Education & the Workforce Committee - Tue, 04/14/2015 - 8:30am

WASHINGTON, D.C. – House Education and the Workforce Committee Chairman John Kline (R-MN) and Early Childhood, Elementary, and Secondary Education Subcommittee Chairman Todd Rokita (R-IN) have requested information about how the Department of Health and Human Services (HHS) responds to reports of neglect and abuse at Head Start centers.

In a letter to HHS Secretary Sylvia Matthews Burwell, Kline and Rokita expressed their “deep concern” for the health and safety of children enrolled in the Head Start program. They write:

This concern stems from apparent discrepancies in how the Department of Health and Human Services (HHS) decides when to suspend or terminate the contracts of Head Start and Early Head Start grantees and whether those decisions are made in the best interest of the children being served.

Despite recent reports of “significant health and safety problems” and “immediate danger” at the New York City Administration for Children’s Services (NYC ACS), including unsanitary facilities, physical and sexual abuse by a teacher, and exposure to poison and toxic substances, HHS has allowed NYC ACS to continue operating 196 Head Start centers rather than suspending or revoking their $130 million annual federal grant and appointing an interim grantee to prevent disruptions in services.

The letter continues, “The decision to allow NYC ACS to continue operating its grant appears to represent a divergent path from other decisions regarding safety concerns at centers.”

After sending the letter to Secretary Burwell, Kline and Rokita remarked:

Quality early childhood education plays an important role in helping children succeed in life.
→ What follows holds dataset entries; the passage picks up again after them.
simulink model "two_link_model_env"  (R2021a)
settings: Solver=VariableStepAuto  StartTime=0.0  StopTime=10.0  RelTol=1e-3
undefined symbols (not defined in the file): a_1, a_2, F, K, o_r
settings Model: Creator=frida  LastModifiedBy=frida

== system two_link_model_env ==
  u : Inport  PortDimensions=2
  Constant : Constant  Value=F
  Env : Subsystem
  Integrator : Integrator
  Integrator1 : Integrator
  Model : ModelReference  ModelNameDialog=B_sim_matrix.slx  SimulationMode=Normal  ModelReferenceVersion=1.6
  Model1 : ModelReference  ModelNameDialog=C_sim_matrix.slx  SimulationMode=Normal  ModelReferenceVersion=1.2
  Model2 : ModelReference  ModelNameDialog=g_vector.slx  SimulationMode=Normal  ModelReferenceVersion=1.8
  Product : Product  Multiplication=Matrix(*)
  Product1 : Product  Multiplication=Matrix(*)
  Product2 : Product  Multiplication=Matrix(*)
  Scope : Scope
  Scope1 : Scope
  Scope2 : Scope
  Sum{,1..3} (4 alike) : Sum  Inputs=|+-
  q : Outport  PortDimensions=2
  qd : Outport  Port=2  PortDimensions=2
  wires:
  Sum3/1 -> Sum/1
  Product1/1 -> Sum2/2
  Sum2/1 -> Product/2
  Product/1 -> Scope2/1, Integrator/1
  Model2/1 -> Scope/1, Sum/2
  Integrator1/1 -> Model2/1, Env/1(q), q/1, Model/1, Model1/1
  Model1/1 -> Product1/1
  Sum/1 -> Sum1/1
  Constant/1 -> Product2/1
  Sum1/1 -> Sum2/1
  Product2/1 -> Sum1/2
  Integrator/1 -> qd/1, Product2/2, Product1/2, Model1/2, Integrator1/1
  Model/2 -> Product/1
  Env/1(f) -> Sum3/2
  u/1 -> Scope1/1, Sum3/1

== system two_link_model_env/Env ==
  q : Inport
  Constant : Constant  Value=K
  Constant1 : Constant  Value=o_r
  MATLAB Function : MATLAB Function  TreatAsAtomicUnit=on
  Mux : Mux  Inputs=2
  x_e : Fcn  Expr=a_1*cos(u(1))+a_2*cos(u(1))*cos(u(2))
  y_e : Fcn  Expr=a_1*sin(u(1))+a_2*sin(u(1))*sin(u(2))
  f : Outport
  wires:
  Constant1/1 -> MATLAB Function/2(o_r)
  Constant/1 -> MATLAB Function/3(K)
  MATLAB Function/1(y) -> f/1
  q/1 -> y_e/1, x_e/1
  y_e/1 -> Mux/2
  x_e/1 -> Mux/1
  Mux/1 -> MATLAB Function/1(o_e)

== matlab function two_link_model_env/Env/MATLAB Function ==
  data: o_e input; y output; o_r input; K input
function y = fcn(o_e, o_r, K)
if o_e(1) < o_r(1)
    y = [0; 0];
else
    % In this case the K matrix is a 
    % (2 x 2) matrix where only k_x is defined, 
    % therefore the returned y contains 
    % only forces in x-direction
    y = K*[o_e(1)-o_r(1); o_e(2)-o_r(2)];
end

Congress has a responsibility to ensure our investment in early childhood education provides a safe and secure learning environment for the nation’s most vulnerable children. Health and safety must be leading priorities. The secretary needs to explain how these decisions promote the well-being of students and serve their best interests.

To read the full letter, click here.

To learn more about the committee’s efforts to reform the Head Start Act, including the committee’s request for public feedback, click here.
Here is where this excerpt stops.